Celebrate Rice’s overlooked pocket prairie

Rachel Lambert is a Wiess College junior, Michael Nguyen is a Wiess freshman, Shreeya Patel is a Wiess senior, Monica Charletta is a Will Rice College senior and Matteo Constantini is a Wiess senior
Despite its location in the fourth-largest city in the United States, the Rice campus manages to host a treasure trove of underutilized natural spaces. While 96 percent of the 58 people we surveyed have seen the Harris Gully Natural Area, only about 34 percent of students knew the area’s name. When asked their opinions on the area, students gave fairly polarizing responses. We got about as many positive comments (“I love it when it has the sunflowers and bluebonnets”) as we did negative (“It’s weedy and kind of gross looking”). Despite the participants’ opinions on the aesthetics of the area, the majority of Rice students don’t know why we chose to preserve the Harris Gully Natural Area.
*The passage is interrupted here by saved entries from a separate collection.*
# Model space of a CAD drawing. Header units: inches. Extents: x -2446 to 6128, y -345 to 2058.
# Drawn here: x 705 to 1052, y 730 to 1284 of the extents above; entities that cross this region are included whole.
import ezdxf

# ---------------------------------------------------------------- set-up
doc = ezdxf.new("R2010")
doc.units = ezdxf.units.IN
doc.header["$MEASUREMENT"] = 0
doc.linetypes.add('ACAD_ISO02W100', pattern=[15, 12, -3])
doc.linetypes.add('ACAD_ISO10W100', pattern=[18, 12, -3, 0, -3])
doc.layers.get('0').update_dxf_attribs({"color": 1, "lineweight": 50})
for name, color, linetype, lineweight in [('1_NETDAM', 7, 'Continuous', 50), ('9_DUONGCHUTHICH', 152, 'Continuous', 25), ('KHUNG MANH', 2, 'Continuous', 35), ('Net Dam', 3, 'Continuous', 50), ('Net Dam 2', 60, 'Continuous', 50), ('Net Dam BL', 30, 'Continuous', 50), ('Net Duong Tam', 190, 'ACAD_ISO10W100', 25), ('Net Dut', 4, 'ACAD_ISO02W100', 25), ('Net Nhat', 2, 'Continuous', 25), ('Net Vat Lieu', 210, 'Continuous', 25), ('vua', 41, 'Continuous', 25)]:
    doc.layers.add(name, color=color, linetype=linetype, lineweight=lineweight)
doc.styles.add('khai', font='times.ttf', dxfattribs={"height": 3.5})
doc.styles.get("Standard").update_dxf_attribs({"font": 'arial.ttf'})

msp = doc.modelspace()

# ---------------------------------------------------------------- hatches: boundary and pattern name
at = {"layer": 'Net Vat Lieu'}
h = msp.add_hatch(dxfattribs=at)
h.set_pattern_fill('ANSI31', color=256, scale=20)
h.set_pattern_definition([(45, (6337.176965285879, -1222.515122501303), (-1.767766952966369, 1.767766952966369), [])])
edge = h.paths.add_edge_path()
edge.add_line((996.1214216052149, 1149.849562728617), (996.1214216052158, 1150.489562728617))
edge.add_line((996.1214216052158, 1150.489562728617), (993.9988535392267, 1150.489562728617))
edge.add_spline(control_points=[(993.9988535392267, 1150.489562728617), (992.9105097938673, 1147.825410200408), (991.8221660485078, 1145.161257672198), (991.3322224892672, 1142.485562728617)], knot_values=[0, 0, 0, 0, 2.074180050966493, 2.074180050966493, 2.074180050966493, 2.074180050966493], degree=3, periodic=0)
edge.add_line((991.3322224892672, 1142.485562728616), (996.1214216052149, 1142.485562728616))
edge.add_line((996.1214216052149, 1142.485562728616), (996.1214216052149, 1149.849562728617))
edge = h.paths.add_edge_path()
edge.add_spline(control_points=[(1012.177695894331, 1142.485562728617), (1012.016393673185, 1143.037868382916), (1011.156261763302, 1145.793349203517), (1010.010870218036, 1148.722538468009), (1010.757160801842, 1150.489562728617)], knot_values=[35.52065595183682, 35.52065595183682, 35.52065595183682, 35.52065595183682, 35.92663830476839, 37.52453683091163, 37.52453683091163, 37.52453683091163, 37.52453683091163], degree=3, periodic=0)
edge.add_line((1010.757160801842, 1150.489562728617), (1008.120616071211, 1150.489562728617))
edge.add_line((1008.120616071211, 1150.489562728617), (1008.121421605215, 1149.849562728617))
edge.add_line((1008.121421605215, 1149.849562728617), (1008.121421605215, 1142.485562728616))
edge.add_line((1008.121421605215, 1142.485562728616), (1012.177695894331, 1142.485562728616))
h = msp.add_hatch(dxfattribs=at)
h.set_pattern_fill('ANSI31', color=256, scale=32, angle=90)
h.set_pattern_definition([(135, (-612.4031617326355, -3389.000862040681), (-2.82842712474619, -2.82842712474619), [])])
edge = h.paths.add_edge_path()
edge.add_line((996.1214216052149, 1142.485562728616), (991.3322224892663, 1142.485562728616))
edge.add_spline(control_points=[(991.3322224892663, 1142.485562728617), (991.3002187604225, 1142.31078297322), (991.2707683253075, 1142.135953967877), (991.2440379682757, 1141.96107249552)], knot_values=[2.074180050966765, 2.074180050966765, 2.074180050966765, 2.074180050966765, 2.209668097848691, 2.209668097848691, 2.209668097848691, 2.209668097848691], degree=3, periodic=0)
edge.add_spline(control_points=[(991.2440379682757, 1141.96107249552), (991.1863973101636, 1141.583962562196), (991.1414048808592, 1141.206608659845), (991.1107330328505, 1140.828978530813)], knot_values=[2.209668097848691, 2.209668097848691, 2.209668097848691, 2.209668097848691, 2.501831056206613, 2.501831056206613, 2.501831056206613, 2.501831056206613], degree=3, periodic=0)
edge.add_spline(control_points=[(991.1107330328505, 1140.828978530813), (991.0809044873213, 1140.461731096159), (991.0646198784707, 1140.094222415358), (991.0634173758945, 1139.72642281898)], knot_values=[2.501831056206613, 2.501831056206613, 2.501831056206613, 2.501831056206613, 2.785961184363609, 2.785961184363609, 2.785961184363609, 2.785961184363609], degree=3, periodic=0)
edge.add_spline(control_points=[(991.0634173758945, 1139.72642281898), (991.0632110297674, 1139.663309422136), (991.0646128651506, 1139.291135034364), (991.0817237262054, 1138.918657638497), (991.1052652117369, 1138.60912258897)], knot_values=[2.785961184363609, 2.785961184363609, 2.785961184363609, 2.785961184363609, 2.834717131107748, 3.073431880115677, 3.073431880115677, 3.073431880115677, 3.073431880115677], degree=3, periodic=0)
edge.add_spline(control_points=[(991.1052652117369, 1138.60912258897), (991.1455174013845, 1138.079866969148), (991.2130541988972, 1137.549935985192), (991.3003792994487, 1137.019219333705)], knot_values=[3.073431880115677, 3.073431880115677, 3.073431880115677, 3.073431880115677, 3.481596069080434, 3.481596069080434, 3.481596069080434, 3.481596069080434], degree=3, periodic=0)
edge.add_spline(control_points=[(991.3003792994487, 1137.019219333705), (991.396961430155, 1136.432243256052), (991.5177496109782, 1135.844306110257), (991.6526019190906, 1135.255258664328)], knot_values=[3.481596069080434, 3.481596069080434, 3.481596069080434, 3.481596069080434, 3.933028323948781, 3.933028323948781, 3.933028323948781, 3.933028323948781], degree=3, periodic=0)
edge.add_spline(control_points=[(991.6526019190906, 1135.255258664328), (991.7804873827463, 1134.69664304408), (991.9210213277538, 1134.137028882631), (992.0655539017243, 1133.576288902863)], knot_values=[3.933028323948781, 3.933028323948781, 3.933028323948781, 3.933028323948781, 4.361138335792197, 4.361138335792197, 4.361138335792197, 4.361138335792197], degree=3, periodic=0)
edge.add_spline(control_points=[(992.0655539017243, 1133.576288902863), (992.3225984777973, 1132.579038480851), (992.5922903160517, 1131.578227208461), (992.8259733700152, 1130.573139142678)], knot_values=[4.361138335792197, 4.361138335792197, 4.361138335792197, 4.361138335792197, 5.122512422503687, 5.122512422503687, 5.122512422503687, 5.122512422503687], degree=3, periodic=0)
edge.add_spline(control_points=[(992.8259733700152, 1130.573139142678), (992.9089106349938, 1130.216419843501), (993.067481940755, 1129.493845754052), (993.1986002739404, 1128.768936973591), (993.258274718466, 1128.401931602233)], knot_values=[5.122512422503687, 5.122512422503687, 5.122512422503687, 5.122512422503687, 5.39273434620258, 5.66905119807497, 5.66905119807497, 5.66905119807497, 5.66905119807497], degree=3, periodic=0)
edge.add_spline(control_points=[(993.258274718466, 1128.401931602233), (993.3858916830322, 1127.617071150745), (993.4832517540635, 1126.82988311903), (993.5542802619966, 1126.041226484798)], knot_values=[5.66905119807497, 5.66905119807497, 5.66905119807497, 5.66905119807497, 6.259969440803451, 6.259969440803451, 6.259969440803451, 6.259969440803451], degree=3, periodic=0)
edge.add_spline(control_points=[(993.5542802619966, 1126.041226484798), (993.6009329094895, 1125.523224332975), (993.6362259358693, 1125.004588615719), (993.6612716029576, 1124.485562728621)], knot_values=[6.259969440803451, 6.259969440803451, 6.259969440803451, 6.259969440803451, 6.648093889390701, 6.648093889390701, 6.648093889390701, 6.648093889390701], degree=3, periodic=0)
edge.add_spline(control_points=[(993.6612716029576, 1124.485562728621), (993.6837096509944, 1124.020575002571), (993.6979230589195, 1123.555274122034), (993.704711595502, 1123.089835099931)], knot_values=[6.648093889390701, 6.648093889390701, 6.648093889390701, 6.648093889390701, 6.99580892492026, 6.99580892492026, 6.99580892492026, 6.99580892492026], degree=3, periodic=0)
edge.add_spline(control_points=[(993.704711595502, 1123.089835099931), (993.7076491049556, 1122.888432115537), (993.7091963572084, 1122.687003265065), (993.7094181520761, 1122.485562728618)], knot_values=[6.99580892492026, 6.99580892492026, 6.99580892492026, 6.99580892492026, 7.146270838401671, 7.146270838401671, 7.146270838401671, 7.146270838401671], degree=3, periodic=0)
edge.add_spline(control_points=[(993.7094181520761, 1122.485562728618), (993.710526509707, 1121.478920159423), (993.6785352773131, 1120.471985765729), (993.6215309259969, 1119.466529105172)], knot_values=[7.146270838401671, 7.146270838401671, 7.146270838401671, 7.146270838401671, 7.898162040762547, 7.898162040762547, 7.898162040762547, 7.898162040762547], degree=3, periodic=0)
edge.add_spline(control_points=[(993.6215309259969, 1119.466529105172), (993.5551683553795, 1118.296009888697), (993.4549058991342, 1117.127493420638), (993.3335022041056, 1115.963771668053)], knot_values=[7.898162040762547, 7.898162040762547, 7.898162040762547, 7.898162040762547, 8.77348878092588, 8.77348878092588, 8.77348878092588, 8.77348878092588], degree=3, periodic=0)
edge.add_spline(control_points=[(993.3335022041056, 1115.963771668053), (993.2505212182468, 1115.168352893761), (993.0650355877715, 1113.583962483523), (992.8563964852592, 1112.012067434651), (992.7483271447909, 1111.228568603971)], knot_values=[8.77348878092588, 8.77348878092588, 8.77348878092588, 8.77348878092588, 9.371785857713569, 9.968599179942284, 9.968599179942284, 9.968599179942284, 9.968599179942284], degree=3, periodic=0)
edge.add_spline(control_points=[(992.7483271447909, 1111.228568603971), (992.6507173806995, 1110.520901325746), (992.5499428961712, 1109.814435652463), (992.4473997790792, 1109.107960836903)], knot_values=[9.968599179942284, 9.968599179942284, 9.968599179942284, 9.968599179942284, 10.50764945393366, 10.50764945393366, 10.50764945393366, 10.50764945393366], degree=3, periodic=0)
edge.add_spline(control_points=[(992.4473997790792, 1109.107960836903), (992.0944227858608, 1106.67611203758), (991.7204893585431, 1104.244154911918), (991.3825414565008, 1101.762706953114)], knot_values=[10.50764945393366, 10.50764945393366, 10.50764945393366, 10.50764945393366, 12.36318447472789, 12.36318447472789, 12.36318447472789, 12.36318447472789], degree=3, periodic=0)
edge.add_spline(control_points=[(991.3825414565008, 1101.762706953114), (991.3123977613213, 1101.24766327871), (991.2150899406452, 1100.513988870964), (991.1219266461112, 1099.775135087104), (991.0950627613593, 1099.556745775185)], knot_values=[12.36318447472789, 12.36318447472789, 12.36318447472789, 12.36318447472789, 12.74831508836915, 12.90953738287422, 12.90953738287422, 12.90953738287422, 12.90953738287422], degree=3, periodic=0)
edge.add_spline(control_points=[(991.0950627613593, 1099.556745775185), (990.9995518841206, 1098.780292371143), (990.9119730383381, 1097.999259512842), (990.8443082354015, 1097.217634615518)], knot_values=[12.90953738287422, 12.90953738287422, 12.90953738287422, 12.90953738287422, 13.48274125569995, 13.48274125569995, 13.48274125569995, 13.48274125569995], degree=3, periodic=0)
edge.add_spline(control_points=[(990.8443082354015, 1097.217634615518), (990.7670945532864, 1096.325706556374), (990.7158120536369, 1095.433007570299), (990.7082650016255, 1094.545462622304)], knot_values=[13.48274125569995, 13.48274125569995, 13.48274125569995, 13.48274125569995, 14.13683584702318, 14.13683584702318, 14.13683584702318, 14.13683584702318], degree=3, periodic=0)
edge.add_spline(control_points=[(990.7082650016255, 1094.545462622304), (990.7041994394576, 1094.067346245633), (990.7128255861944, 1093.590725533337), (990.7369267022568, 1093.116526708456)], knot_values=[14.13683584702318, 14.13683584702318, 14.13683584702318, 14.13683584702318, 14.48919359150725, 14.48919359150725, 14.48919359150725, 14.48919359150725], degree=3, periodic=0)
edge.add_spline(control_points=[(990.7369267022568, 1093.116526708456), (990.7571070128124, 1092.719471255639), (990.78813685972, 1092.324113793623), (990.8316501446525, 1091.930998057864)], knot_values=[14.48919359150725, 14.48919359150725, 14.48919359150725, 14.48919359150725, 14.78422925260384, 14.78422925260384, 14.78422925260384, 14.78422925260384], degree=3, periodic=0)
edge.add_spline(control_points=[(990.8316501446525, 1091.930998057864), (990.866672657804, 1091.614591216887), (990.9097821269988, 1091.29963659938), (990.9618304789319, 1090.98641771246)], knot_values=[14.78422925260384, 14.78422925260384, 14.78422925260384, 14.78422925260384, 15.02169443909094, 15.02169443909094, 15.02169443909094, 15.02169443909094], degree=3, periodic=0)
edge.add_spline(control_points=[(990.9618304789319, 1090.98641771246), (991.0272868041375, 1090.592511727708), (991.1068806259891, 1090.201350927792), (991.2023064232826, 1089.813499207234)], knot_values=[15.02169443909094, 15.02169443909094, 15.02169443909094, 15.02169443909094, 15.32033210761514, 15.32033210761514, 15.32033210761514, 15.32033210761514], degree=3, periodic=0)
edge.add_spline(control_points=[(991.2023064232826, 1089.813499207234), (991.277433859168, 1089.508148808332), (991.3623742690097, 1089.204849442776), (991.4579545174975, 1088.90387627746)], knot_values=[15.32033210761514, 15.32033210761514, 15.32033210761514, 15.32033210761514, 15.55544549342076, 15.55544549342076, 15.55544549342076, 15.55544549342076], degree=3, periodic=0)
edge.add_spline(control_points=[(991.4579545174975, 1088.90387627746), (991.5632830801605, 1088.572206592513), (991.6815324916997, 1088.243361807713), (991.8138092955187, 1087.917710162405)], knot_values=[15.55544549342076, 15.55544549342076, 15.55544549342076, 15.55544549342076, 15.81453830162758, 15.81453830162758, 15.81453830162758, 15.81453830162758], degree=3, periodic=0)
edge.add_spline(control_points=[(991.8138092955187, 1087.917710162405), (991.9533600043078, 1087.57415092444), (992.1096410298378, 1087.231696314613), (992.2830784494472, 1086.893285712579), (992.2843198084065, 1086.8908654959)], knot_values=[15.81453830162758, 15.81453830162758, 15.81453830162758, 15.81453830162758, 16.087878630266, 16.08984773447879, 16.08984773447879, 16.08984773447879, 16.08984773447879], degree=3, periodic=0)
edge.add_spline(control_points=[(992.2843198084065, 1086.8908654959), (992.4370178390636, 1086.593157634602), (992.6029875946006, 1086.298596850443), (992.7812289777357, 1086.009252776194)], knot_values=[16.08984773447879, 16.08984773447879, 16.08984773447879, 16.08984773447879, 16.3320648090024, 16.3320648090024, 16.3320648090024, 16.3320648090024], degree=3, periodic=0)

When it rains on campus, several students will jokingly acknowledge the Harris Gully Natural Area as “Swamp Rice” or call it a lake. Though this reserve may look like a body of water during rainy weather, it is really a pocket prairie in the middle of campus. According to Cassidy Johnson, a professor in biosciences, the Harris Gully Natural Area serves as a detention basin. Not only does the reserve help with water retention on campus, it also provides a glimpse into the history of the campus as well as the larger Houston area. The name of the reserve says it all. The grassy area students pass by quite frequently was once a gully filled with water. Today, prairies are considered one of the most endangered ecosystems in the United States, and Rice should be considered fortunate to have retained a pocket-sized prairie ecosystem right on campus.
If students were more aware of this natural reserve we could define the future potential of the area. Preserving the prairie ecosystem could be beneficial to the university as it would allow students to use this area as an educational environment, whether through ecology and evolutionary biology labs, civil engineering assignments or art projects. From the results of the survey conducted, we noticed several students showed personal interest in using this area, ranging from recreation to bettering student health. As Johnson puts it, “This generation of students has realized the value of our environment and has a good understanding in regards to the positive impact that green spaces have on people living in urban areas.” Whether as a frisbee golf field, picnic area or just a place for some casual reading, if students could use this reserve to relieve some stress, the Harris Gully Natural Area would prove as a great resource to not only the students, but also to the university.
Rice students deserve a place to better connect with nature. While the beauty of campus cannot be understated, one can sit or study wholly surrounded by wildlife in very few places. The Harris Gully Natural Area is not a manicured lawn or park, it is an area of underappreciated natural beauty. As long as it flies under the radar, a great disservice is being done to the students of Rice.